Records shown:
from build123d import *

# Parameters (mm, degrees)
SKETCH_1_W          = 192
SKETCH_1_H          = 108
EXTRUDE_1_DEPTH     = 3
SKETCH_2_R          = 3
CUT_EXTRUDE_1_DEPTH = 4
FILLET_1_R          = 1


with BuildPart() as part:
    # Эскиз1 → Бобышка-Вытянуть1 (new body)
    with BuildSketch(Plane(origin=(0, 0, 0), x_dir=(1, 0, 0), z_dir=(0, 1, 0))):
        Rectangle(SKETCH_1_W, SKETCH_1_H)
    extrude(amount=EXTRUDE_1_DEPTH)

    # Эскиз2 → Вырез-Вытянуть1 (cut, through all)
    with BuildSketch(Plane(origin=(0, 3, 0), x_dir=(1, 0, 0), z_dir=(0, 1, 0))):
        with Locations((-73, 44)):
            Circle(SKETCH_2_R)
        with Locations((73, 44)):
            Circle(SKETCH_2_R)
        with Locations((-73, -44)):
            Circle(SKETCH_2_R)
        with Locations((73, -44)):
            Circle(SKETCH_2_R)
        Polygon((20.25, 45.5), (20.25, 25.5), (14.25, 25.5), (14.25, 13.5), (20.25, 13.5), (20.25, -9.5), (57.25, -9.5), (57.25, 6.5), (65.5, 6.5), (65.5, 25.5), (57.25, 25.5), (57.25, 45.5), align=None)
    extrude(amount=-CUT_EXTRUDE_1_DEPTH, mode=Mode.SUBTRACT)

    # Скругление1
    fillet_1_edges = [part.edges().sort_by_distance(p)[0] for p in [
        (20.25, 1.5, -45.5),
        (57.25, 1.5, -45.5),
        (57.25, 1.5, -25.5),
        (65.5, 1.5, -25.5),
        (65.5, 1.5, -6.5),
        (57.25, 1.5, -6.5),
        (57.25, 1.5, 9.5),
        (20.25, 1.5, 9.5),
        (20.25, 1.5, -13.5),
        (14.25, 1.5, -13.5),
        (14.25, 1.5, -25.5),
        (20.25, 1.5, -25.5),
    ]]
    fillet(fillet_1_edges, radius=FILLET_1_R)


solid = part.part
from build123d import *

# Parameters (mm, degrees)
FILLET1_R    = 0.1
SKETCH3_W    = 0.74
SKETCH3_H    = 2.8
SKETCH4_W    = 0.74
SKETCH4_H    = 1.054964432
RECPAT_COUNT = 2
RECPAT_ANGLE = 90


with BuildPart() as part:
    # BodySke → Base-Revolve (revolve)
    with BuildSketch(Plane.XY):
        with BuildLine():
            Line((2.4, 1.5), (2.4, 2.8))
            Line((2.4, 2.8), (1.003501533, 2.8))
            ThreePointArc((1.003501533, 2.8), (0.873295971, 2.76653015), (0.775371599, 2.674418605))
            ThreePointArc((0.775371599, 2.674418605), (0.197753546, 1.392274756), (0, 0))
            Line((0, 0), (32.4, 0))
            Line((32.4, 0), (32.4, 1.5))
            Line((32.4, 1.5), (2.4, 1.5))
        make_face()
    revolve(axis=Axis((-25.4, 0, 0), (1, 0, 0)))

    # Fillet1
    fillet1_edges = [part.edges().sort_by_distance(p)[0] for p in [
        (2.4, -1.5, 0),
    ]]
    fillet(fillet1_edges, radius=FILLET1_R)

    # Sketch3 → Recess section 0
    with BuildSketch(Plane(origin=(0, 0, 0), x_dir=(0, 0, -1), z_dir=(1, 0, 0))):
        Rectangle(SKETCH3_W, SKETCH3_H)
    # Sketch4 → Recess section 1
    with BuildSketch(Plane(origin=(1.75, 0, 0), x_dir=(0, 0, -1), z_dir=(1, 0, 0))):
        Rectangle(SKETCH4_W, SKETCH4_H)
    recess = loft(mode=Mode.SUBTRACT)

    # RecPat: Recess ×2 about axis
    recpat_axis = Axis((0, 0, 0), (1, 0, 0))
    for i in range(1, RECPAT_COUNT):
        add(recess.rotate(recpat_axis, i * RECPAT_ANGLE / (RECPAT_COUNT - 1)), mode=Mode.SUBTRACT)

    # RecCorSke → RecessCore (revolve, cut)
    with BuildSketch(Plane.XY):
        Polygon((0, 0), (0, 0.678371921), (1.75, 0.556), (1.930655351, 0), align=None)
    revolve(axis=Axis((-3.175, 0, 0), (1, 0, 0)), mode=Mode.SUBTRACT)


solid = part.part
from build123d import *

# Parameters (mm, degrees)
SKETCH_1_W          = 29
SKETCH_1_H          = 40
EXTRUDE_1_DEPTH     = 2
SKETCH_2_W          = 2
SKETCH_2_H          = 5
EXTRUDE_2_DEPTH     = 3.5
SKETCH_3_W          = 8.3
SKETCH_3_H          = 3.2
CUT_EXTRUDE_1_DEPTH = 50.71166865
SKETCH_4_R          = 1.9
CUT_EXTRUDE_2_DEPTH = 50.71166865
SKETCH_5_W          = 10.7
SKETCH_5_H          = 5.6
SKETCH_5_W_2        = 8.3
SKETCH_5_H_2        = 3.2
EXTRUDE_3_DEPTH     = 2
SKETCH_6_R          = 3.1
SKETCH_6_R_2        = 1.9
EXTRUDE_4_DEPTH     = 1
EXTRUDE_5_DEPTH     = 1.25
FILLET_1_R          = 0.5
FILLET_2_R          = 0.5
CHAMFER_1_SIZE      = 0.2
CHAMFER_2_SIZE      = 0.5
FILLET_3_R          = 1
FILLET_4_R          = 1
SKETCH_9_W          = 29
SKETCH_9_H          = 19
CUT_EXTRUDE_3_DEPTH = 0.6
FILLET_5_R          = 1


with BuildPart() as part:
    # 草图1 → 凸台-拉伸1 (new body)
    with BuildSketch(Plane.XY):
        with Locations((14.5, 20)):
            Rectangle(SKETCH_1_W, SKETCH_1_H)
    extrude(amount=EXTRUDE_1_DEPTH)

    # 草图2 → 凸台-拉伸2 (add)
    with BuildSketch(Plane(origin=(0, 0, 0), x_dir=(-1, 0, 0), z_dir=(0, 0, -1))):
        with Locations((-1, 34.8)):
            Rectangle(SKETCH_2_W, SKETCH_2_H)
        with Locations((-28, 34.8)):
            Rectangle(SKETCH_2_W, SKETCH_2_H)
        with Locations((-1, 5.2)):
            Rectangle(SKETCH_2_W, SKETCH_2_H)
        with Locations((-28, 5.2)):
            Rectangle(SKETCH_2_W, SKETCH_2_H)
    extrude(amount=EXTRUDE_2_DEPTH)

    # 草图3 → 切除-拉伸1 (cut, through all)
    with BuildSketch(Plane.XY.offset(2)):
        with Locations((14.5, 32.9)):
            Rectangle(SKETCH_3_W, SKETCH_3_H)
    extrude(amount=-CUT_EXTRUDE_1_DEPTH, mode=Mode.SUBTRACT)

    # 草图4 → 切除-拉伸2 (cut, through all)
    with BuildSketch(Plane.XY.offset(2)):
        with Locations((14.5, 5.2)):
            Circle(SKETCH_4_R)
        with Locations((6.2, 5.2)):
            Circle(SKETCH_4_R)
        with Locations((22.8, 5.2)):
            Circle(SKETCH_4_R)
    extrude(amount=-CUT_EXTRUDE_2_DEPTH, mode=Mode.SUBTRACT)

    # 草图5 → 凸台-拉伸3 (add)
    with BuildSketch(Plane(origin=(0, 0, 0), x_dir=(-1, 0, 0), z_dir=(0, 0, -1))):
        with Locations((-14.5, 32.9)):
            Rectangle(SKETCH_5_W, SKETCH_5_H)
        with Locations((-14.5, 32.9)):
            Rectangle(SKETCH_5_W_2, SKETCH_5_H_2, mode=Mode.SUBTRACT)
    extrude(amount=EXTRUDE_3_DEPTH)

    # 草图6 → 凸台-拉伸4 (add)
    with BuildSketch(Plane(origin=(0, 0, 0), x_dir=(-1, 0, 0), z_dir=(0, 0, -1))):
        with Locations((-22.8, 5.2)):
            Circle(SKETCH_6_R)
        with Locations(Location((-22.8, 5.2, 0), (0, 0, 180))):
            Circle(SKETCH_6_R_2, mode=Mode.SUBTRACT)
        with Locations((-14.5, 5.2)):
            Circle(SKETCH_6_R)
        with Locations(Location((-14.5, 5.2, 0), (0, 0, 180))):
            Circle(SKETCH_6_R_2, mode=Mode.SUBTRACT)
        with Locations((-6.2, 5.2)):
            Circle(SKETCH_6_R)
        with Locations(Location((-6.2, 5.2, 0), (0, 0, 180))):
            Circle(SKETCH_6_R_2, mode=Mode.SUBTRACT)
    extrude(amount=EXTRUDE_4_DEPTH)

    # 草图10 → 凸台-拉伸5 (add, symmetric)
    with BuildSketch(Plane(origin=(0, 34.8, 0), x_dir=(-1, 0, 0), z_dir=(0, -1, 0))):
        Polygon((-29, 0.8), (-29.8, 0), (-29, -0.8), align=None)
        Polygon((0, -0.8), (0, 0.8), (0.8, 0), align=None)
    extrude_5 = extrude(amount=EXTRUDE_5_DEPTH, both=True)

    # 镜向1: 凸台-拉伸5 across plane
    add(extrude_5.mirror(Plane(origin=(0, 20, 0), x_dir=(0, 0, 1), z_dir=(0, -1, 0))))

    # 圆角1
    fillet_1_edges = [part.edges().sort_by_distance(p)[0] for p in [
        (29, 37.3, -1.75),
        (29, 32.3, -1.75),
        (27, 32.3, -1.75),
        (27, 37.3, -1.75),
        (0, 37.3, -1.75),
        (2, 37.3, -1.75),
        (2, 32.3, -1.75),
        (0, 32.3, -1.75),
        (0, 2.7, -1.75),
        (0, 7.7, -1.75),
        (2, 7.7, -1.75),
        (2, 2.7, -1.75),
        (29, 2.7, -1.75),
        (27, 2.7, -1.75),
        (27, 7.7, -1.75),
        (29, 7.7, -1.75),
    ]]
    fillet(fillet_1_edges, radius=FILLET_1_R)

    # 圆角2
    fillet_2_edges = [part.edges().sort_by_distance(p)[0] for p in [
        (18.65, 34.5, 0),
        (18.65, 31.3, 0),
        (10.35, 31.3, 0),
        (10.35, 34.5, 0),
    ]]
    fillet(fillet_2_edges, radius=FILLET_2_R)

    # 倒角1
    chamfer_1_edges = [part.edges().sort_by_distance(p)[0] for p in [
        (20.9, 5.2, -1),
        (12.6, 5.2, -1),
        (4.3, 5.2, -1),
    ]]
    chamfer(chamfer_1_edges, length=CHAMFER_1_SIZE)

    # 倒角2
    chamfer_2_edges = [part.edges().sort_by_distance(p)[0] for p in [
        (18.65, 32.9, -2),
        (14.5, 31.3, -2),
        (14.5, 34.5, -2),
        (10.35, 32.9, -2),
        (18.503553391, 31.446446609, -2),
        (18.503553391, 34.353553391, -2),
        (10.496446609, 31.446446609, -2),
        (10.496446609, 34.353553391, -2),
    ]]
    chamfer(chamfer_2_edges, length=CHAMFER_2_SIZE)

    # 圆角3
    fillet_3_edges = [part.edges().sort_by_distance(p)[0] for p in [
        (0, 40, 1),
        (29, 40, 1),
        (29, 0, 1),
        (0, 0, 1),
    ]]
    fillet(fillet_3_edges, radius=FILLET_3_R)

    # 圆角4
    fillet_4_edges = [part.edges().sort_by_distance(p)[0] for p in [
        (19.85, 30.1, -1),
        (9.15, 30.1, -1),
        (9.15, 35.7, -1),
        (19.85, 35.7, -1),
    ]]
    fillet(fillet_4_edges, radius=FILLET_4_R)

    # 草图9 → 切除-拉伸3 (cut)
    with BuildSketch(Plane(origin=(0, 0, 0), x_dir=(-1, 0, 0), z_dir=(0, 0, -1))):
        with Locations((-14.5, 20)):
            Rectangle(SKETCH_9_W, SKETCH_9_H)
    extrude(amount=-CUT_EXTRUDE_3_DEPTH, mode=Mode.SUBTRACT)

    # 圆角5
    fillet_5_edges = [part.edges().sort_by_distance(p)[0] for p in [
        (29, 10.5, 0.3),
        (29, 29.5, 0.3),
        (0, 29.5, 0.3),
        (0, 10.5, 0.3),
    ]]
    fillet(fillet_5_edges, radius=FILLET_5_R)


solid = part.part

Work required: Retype every line of the listing, word for word, from its opening line to the line that holds "Line((32.4, 0), (32.4, 1.5))", and include that last line too.

Solution to this exercise:
from build123d import *

# Parameters (mm, degrees)
SKETCH_1_W          = 192
SKETCH_1_H          = 108
EXTRUDE_1_DEPTH     = 3
SKETCH_2_R          = 3
CUT_EXTRUDE_1_DEPTH = 4
FILLET_1_R          = 1


with BuildPart() as part:
    # Эскиз1 → Бобышка-Вытянуть1 (new body)
    with BuildSketch(Plane(origin=(0, 0, 0), x_dir=(1, 0, 0), z_dir=(0, 1, 0))):
        Rectangle(SKETCH_1_W, SKETCH_1_H)
    extrude(amount=EXTRUDE_1_DEPTH)

    # Эскиз2 → Вырез-Вытянуть1 (cut, through all)
    with BuildSketch(Plane(origin=(0, 3, 0), x_dir=(1, 0, 0), z_dir=(0, 1, 0))):
        with Locations((-73, 44)):
            Circle(SKETCH_2_R)
        with Locations((73, 44)):
            Circle(SKETCH_2_R)
        with Locations((-73, -44)):
            Circle(SKETCH_2_R)
        with Locations((73, -44)):
            Circle(SKETCH_2_R)
        Polygon((20.25, 45.5), (20.25, 25.5), (14.25, 25.5), (14.25, 13.5), (20.25, 13.5), (20.25, -9.5), (57.25, -9.5), (57.25, 6.5), (65.5, 6.5), (65.5, 25.5), (57.25, 25.5), (57.25, 45.5), align=None)
    extrude(amount=-CUT_EXTRUDE_1_DEPTH, mode=Mode.SUBTRACT)

    # Скругление1
    fillet_1_edges = [part.edges().sort_by_distance(p)[0] for p in [
        (20.25, 1.5, -45.5),
        (57.25, 1.5, -45.5),
        (57.25, 1.5, -25.5),
        (65.5, 1.5, -25.5),
        (65.5, 1.5, -6.5),
        (57.25, 1.5, -6.5),
        (57.25, 1.5, 9.5),
        (20.25, 1.5, 9.5),
        (20.25, 1.5, -13.5),
        (14.25, 1.5, -13.5),
        (14.25, 1.5, -25.5),
        (20.25, 1.5, -25.5),
    ]]
    fillet(fillet_1_edges, radius=FILLET_1_R)


solid = part.part
from build123d import *

# Parameters (mm, degrees)
FILLET1_R    = 0.1
SKETCH3_W    = 0.74
SKETCH3_H    = 2.8
SKETCH4_W    = 0.74
SKETCH4_H    = 1.054964432
RECPAT_COUNT = 2
RECPAT_ANGLE = 90


with BuildPart() as part:
    # BodySke → Base-Revolve (revolve)
    with BuildSketch(Plane.XY):
        with BuildLine():
            Line((2.4, 1.5), (2.4, 2.8))
            Line((2.4, 2.8), (1.003501533, 2.8))
            ThreePointArc((1.003501533, 2.8), (0.873295971, 2.76653015), (0.775371599, 2.674418605))
            ThreePointArc((0.775371599, 2.674418605), (0.197753546, 1.392274756), (0, 0))
            Line((0, 0), (32.4, 0))
            Line((32.4, 0), (32.4, 1.5))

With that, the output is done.